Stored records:
Segment Open

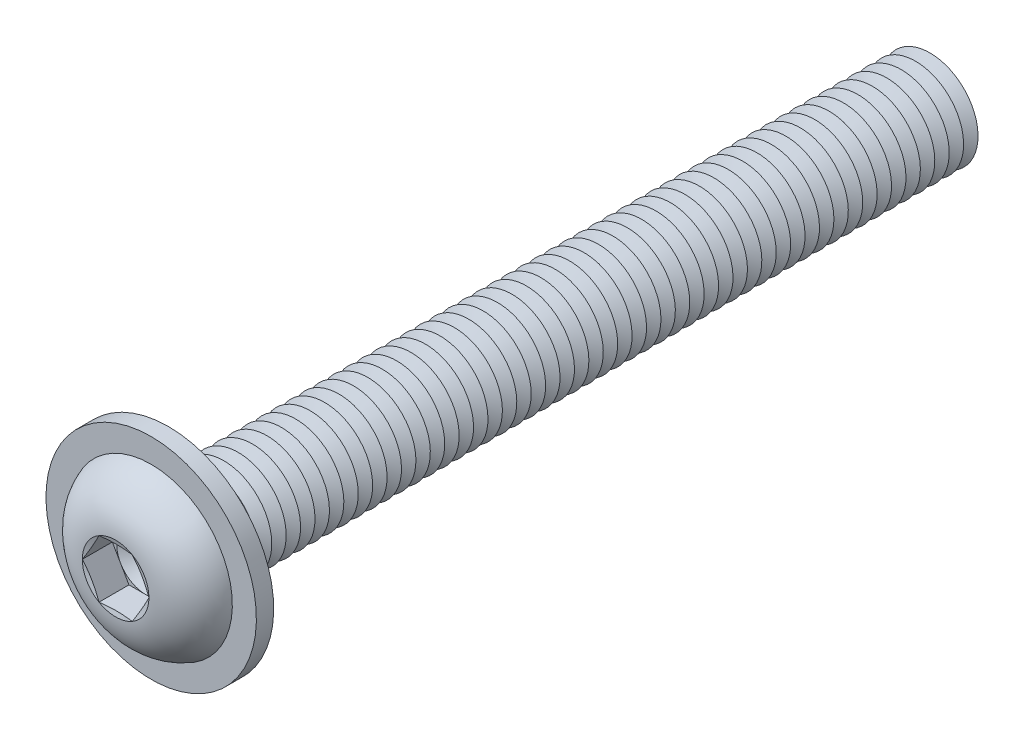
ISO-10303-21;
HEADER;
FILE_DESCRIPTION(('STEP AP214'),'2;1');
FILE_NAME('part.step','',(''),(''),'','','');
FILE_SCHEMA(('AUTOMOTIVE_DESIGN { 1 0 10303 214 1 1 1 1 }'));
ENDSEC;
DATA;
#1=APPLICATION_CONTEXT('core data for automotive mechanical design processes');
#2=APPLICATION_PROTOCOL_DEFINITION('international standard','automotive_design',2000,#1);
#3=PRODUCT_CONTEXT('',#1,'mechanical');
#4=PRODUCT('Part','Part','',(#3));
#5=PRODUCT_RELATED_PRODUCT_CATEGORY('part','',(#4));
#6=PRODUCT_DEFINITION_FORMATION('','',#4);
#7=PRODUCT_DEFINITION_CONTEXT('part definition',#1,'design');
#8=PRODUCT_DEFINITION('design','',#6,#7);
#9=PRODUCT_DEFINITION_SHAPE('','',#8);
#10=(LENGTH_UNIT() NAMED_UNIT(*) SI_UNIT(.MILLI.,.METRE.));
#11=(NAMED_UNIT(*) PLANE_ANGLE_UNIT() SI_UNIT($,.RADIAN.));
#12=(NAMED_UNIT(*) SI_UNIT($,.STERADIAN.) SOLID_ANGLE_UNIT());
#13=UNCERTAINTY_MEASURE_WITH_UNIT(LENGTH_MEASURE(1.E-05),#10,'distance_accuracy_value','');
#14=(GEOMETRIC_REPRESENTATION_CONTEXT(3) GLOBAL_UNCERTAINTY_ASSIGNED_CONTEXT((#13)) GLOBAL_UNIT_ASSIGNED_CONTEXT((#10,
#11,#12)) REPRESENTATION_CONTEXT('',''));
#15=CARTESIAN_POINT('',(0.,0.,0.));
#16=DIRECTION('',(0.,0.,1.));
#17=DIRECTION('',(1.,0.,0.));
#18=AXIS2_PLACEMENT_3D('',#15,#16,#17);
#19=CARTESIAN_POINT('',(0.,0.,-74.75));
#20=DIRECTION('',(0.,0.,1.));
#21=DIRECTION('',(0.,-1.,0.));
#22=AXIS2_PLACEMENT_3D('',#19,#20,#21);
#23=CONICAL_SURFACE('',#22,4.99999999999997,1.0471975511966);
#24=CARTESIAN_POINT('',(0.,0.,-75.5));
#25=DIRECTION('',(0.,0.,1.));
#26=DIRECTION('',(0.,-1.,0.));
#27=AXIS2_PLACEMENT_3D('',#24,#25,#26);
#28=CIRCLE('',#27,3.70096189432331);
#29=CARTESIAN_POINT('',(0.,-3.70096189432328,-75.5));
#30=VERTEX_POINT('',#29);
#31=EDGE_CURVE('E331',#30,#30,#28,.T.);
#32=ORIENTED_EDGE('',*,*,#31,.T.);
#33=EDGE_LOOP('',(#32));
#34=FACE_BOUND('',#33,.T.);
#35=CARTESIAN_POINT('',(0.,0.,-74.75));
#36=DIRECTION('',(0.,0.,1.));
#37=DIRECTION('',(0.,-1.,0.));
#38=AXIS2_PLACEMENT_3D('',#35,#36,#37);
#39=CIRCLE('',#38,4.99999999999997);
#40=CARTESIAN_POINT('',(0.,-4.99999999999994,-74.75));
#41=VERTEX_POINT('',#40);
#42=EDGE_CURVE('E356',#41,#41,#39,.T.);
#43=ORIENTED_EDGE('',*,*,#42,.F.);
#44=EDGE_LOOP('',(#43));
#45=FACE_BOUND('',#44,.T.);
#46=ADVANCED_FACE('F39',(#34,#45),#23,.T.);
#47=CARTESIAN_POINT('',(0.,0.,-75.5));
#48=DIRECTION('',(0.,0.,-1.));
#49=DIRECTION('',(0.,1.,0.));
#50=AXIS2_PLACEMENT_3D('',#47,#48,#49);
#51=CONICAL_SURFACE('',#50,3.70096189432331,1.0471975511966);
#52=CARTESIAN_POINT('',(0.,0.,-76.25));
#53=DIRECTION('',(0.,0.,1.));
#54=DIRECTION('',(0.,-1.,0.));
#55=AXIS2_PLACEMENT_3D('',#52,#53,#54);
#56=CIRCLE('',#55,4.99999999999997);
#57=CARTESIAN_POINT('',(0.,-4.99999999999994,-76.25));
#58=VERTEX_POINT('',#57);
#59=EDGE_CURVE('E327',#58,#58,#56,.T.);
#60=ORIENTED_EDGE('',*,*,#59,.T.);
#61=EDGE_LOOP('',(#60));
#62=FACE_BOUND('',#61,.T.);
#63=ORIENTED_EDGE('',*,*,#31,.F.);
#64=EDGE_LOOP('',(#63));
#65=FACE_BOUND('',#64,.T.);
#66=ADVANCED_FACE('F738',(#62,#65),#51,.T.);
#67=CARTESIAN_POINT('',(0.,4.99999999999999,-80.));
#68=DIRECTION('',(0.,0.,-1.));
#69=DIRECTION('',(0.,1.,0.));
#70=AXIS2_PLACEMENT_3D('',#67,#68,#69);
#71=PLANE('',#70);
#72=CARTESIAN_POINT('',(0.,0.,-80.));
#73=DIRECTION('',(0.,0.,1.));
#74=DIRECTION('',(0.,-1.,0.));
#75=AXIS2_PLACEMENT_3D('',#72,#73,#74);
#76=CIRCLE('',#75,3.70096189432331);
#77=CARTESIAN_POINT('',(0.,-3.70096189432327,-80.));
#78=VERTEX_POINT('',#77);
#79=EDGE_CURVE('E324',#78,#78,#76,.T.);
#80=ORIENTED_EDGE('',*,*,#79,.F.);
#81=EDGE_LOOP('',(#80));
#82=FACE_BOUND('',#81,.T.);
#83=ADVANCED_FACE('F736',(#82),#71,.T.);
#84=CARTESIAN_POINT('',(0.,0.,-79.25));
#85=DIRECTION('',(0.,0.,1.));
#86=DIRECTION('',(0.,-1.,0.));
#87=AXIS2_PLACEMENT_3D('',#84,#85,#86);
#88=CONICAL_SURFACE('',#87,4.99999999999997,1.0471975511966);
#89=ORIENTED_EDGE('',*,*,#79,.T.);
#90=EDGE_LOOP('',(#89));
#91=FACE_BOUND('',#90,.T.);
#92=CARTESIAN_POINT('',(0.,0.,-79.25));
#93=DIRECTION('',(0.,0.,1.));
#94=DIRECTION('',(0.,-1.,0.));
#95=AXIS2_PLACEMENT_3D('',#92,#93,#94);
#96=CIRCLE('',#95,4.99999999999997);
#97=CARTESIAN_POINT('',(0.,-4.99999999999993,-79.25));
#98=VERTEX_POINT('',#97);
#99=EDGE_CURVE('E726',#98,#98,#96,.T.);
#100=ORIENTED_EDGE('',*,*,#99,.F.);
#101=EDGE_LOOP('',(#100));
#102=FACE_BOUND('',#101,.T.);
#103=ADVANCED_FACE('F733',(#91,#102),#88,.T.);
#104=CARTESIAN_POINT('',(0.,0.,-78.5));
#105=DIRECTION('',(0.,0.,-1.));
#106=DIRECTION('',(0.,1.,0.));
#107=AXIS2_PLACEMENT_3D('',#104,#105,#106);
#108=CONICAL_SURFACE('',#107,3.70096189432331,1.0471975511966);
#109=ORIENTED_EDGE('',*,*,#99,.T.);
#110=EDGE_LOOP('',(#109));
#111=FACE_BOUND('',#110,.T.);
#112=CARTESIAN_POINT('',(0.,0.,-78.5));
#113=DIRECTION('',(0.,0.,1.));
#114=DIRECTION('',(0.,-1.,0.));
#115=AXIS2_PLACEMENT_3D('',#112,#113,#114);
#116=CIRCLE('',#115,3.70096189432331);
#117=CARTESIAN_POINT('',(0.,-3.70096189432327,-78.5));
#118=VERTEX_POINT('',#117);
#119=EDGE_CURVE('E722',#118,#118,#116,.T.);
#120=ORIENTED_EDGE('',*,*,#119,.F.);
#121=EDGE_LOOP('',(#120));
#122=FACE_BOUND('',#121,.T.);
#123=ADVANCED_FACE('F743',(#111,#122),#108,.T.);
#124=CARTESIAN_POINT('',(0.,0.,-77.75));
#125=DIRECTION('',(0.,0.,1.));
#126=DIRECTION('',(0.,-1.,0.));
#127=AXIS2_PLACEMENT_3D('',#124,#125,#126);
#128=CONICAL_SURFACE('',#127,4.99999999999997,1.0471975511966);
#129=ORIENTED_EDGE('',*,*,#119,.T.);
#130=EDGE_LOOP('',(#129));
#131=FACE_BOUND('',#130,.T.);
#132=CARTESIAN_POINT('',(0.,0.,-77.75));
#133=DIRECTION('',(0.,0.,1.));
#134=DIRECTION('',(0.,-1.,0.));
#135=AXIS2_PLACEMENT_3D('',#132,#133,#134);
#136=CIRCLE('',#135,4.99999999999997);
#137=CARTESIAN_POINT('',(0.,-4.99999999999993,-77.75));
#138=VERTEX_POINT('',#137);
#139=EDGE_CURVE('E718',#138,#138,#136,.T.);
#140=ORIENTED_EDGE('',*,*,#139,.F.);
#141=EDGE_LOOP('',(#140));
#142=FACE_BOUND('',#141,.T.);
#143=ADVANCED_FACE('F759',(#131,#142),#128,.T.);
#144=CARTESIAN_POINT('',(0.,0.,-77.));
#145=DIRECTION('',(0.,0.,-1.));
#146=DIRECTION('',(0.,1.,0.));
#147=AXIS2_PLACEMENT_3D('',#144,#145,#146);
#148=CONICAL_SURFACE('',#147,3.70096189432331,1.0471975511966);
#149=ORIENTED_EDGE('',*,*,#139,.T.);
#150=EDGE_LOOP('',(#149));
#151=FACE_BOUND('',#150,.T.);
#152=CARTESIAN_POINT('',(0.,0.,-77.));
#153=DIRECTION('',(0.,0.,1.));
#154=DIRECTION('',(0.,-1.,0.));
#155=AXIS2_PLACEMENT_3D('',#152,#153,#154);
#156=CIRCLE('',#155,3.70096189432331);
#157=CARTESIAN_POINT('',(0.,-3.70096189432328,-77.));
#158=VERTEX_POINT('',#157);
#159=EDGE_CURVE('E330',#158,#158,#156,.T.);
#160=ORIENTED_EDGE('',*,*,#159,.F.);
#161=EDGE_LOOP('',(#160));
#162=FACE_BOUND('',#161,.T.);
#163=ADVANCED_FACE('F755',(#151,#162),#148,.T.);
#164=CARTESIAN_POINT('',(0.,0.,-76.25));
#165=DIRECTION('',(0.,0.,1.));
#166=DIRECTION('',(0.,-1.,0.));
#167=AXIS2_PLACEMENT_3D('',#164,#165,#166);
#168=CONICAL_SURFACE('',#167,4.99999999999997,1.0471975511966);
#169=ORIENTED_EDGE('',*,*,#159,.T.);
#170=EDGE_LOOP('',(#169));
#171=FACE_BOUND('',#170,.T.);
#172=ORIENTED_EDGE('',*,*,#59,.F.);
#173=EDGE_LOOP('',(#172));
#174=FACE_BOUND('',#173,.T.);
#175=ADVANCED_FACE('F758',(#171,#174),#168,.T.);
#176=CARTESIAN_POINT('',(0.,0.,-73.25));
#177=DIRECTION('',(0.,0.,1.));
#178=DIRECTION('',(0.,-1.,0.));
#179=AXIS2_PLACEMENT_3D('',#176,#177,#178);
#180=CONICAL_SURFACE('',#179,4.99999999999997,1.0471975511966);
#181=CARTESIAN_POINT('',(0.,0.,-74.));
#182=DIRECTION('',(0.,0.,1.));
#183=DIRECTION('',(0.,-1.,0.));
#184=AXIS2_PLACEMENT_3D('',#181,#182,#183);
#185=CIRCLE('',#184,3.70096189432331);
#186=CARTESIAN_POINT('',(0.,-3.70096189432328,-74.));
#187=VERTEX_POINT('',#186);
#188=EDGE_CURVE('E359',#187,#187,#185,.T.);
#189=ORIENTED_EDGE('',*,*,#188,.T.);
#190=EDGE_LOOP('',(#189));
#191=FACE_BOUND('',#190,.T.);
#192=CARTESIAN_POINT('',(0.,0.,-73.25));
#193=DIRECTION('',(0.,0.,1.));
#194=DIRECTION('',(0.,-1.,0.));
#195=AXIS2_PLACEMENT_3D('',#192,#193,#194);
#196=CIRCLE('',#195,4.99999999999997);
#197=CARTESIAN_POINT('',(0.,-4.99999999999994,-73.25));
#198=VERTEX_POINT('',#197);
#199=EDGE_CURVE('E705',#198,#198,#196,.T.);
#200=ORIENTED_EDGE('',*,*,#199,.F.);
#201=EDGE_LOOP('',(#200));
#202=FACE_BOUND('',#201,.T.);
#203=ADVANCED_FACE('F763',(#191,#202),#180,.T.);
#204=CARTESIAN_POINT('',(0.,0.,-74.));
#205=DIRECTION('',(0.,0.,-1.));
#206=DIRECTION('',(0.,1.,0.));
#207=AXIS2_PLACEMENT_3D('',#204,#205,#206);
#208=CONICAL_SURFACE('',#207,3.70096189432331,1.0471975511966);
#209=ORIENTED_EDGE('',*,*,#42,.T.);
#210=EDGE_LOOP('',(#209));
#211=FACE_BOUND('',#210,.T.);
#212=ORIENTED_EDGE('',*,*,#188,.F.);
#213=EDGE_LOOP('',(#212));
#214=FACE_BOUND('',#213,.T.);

Segment Closed

WORK TASK: Looking at the data above, write out exactly the lines that start at the one containing "#62=FACE_BOUND('',#61,.T.);" and end at the one containing "#71=PLANE('',#70);"; include both and nothing beyond.

SOLUTION TO THE EXERCISE:
#62=FACE_BOUND('',#61,.T.);
#63=ORIENTED_EDGE('',*,*,#31,.F.);
#64=EDGE_LOOP('',(#63));
#65=FACE_BOUND('',#64,.T.);
#66=ADVANCED_FACE('F738',(#62,#65),#51,.T.);
#67=CARTESIAN_POINT('',(0.,4.99999999999999,-80.));
#68=DIRECTION('',(0.,0.,-1.));
#69=DIRECTION('',(0.,1.,0.));
#70=AXIS2_PLACEMENT_3D('',#67,#68,#69);
#71=PLANE('',#70);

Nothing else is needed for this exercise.